Dual installations by multimedia artist Emil Schult at the Burchfield Penney gallery honor painter Charles Burchfield and musician Charles Ives in multimedia ways. Schult is a musician, painter, computer technologist, among assorted other categories. He has made art for and played in performance with the German new music group Kraftwerk.
The Burchfield homage segment-—in complementary conjunction with the gallery current exhibit on Charles Burchfield, on aural synesthesic effects in his watercolors—consists of visual works in a novel painterly technique Schult invented called reverse glass painting that attempt to “analyze the structural and rhythmic elements” of some of Burchfield’s paintings.
The reverse glass paintings are not by Schult himself—he has reverse glass paintings of his own in the other segment—but by some of his students at Alfred University. The reverse glass painting technique is not well explained in the exhibit, but each student was given a 16 x 32 inch print of a Charles Burchfield painting and a large piece of plexiglass, and the assignment was “to create a simplified version of the original painting...”
The student works are basically abstracts of Burchfield’s basically representational works with abstraction elements. Such as vibrational lines (like visible wave forms, like waves in water) to represent sound waves around telephone line wires (which noticeably vibrate in the wind and make an audible sound, much like an Aeolian harp), or represent bird or insect sounds (audible but invisible vibrations), or represent invisible and inaudible vitalist emanations (but discernible apparently by the artist) from living or once living matter. Trees and telephone poles alike. Or such as his abstract cricket insect forms—jagged wave forms, twice up and down—to represent the brief strident chirp of the cricket.
In her reverse glass version of a portion of Burchfield’s Insect Chorus, student Olivia Juarez translates the cricket form into a straw pile of hatch marks, a bamboo sticks jumble with a vaguely Chinese calligraphy look. Milo Harper interprets Orion in December in a way a little reminiscent of Van Gogh’s Starry Night. Isabel Bowser interprets another portion of Insect Chorus as red and silver flame form pyrotechnics. Aodi Lange’s version of Sunrise in the Forest is an epiphany jumble of Matissean large color blocks, darkish below, bright above.

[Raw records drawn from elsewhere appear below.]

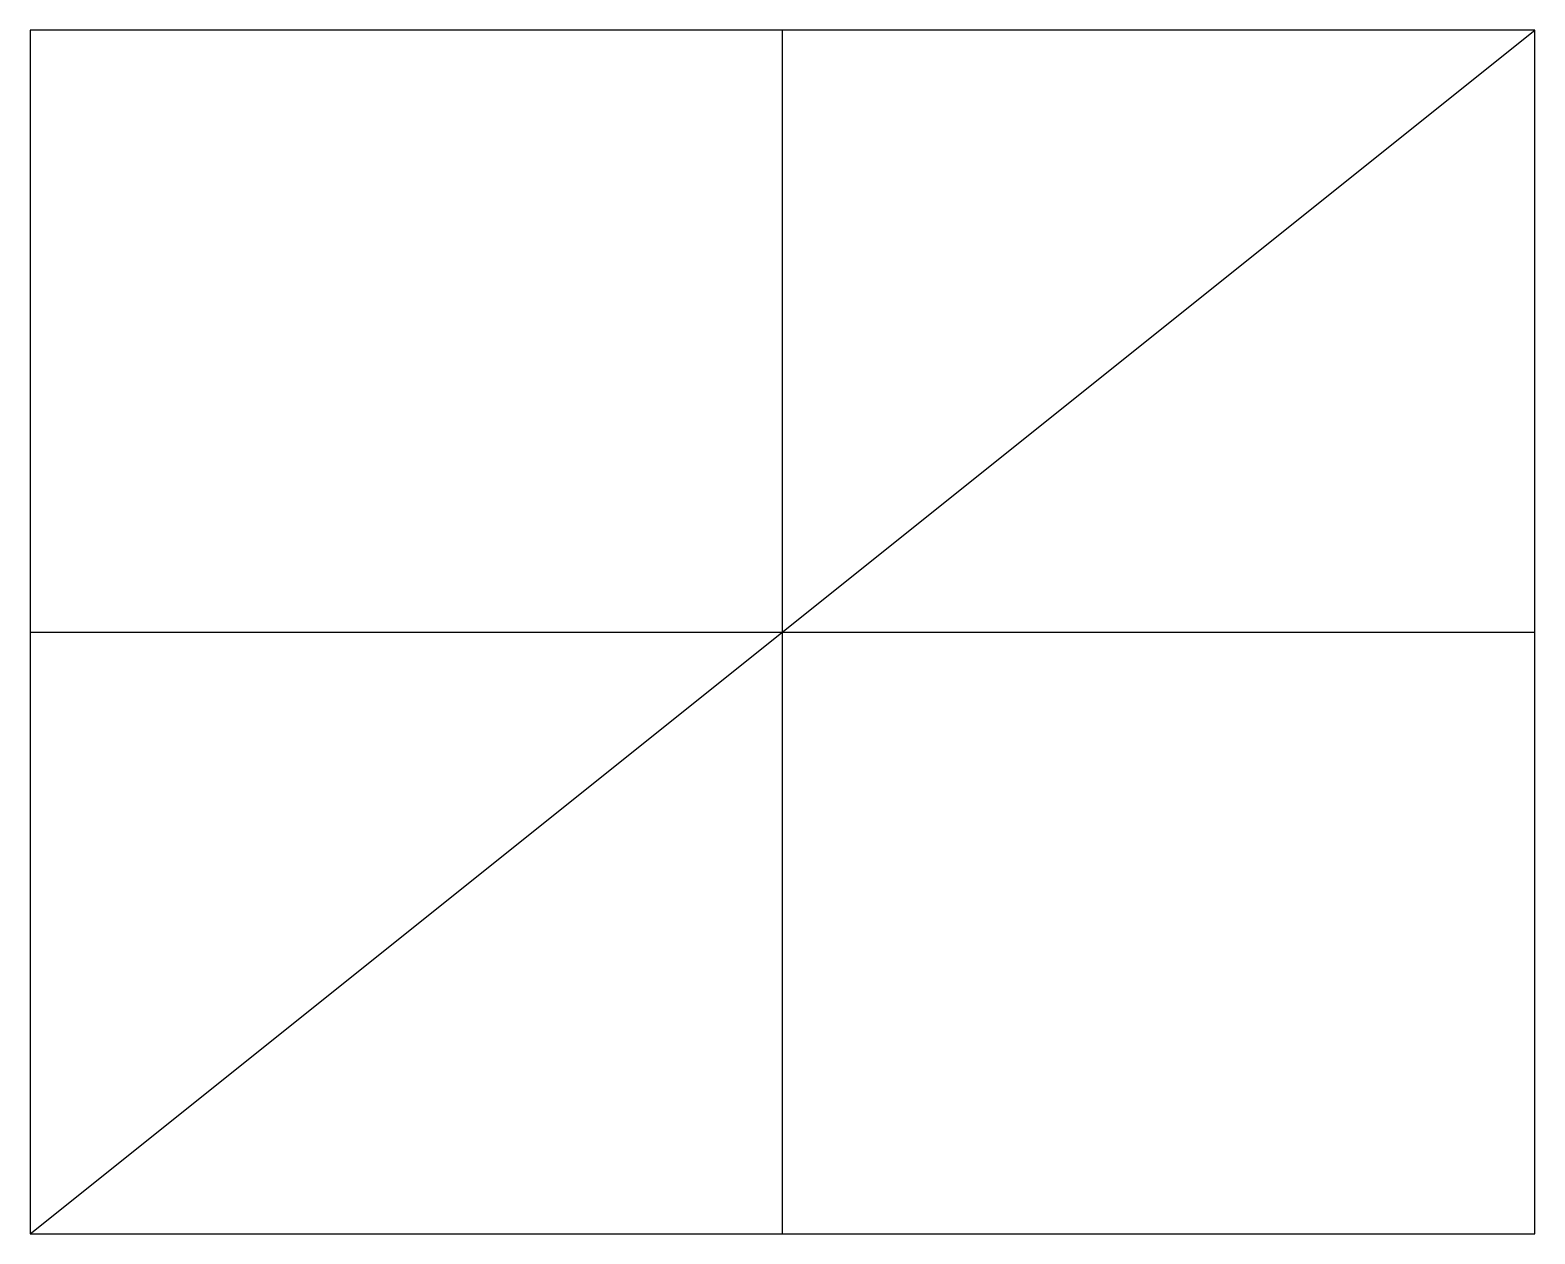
# Model space of a CAD drawing. Header units: metres. Extents: x 0 to 1000, y 0 to 800.
import ezdxf

# ---------------------------------------------------------------- set-up
doc = ezdxf.new("R2010")
doc.units = ezdxf.units.M
for name, color, linetype in [('BEAM', 8, 'Continuous'), ('DIAG', 1, 'Continuous'), ('GRID', 4, 'Continuous')]:
    doc.layers.add(name, color=color, linetype=linetype)

msp = doc.modelspace()

# ---------------------------------------------------------------- linework, layer by layer
at = {"layer": 'BEAM', "color": 7}
for p, q in [((1000, 800), (0, 800)), ((0, 800), (0, 0))]:
    msp.add_line(p, q, dxfattribs=at)
at = {"layer": 'BEAM', "color": 8}
for p, q in [((1000, 0), (1000, 800)), ((0, 400), (1000, 400)), ((0, 0), (1000, 0))]:
    msp.add_line(p, q, dxfattribs=at)
at = {"layer": 'DIAG', "color": 1}
msp.add_line((0, 0), (1000, 800), dxfattribs=at)
at = {"layer": 'GRID', "color": 4}
msp.add_line((500, 0), (500, 800), dxfattribs=at)

doc.saveas('drawing.dxf')
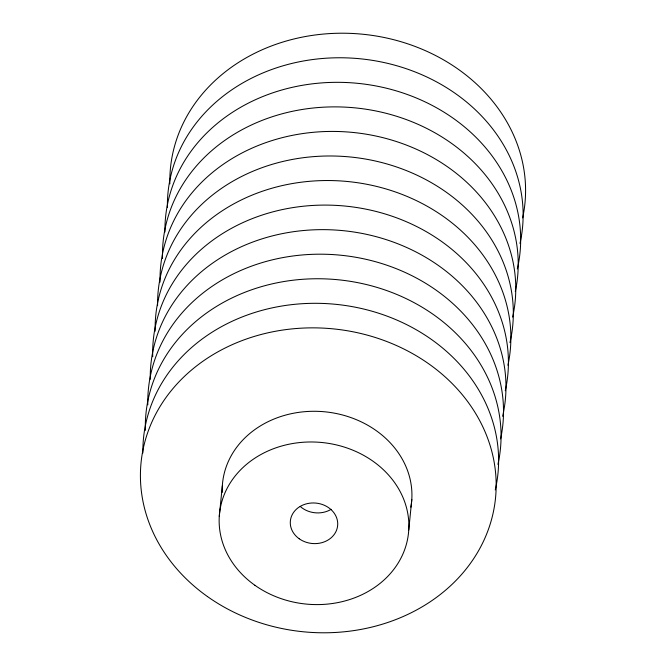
<?xml version="1.0" encoding="UTF-8"?>
<svg xmlns="http://www.w3.org/2000/svg" width="666" height="666" viewBox="0 0 666 666"><rect width="100%" height="100%" fill="white"/><g stroke="black" fill="none" stroke-linecap="round" stroke-linejoin="round"><path stroke-width="1" d="M219.272 516.466L222.336 485.78M408.741 530.103L411.804 499.417M169.863 183.883A178.113 152.189 5.7 0 1 362.129 34.174A178.113 152.189 5.7 0 1 522.652 217.907M167.391 207.442A178.113 152.189 5.7 0 1 360.83 58.841A178.113 152.189 5.7 0 1 519.988 243.431M164.943 232.001A178.113 152.189 5.7 0 1 358.957 83.458A178.113 152.189 5.7 0 1 517.316 268.947M162.537 258.533A178.113 152.189 5.7 0 1 354.204 107.784A178.113 152.189 5.7 0 1 515.293 291.566M160.056 282.093A178.113 152.189 5.7 0 1 352.905 132.442A178.113 152.189 5.7 0 1 512.629 317.091M157.592 305.661A178.113 152.189 5.7 0 1 351.598 157.118A178.113 152.189 5.7 0 1 509.965 342.607M155.161 331.202A178.113 152.189 5.7 0 1 347.427 181.493A178.113 152.189 5.7 0 1 507.942 365.234M152.73 356.743A178.113 152.189 5.7 0 1 344.971 206.052A178.113 152.189 5.7 0 1 505.278 390.751M150.241 379.32A178.113 152.189 5.7 0 1 344.247 230.777A178.113 152.189 5.7 0 1 502.614 416.267M147.81 404.861A178.113 152.189 5.7 0 1 340.076 255.153A178.113 152.189 5.7 0 1 500.591 438.894M145.379 430.403A178.113 152.189 5.7 0 1 337.62 279.712A178.113 152.189 5.7 0 1 497.927 464.41M142.89 452.98A178.113 152.189 5.7 0 1 336.896 304.437A178.113 152.189 5.7 0 1 495.254 489.926M222.244 492.432A94.997 81.169 5.7 0 1 322.769 411.621A94.997 81.169 5.7 0 1 410.88 507.201M331.16 509.315A23.751 20.288 5.7 0 1 300.191 506.418M207.426 596.528A178.113 152.189 5.7 0 0 494.189 507.7A178.113 152.189 5.7 0 0 253.271 336.738A178.113 152.189 5.7 0 0 207.426 596.528M254.878 585.264A94.997 81.169 5.7 0 0 407.817 537.887A94.997 81.169 5.7 0 0 279.329 446.711A94.997 81.169 5.7 0 0 254.878 585.264M299.225 538.786A23.751 20.288 5.7 0 0 337.462 526.939A23.751 20.288 5.7 0 0 305.336 504.145A23.751 20.288 5.7 0 0 299.225 538.786"/></g></svg>

The other installation, in the gallery Project Room, is entirely Schult’s work, including reverse glass paintings, some sculptural pieces, and the centerpiece of the installation, a movie with computer-generated imagery and a sound track of Schult’s recomposition of music by Charles Ives, possibly his piece in reference to New England Transcendentalist sages Emerson and Thoreau, The Unanswered Question. The movie is called Unanswered Questions, and amid futuristic imagery—robotic-looking human figures and symmetrical and a-symmetrical abstract changing patterns—asks in English and Chinese questions such as: Who am I? What am I? What was I in the past? Will I die? Shall I exist in the future? What is eternity?
Schult said he made the work also in Chinese because the Chinese are “the largest [ethnic and language] group in the world,” and he wanted to “share my work with them.” Potential audience.
Schult’s framed art includes interpretive portraits of some icon figures in areas of electronics and electronic arts, the likes of composers Karlheinz Stockhausen and John Cage, and inventors of electronic musical instruments Harald Bode (Melodium, Melochord, et al., 1930s, 1940s) and Robert Moog (Moog Synthesizer, 1960s). Also, some mandala-like computer chip paintings. One that looks like an early version chip—relatively simple and symmetrical—duplicated as a painting and shallow-relief sculpture. Another more elaborate, called Human Rights Charta. A kind of computer chip world sociogram.
Why did he do it all? “In my art,” he says, “I wanted to see things I have never seen before.”
The Emil Schult installations continue through September 27. The Charles Burchfield synesthesia aural effects exhibit continues through August 23.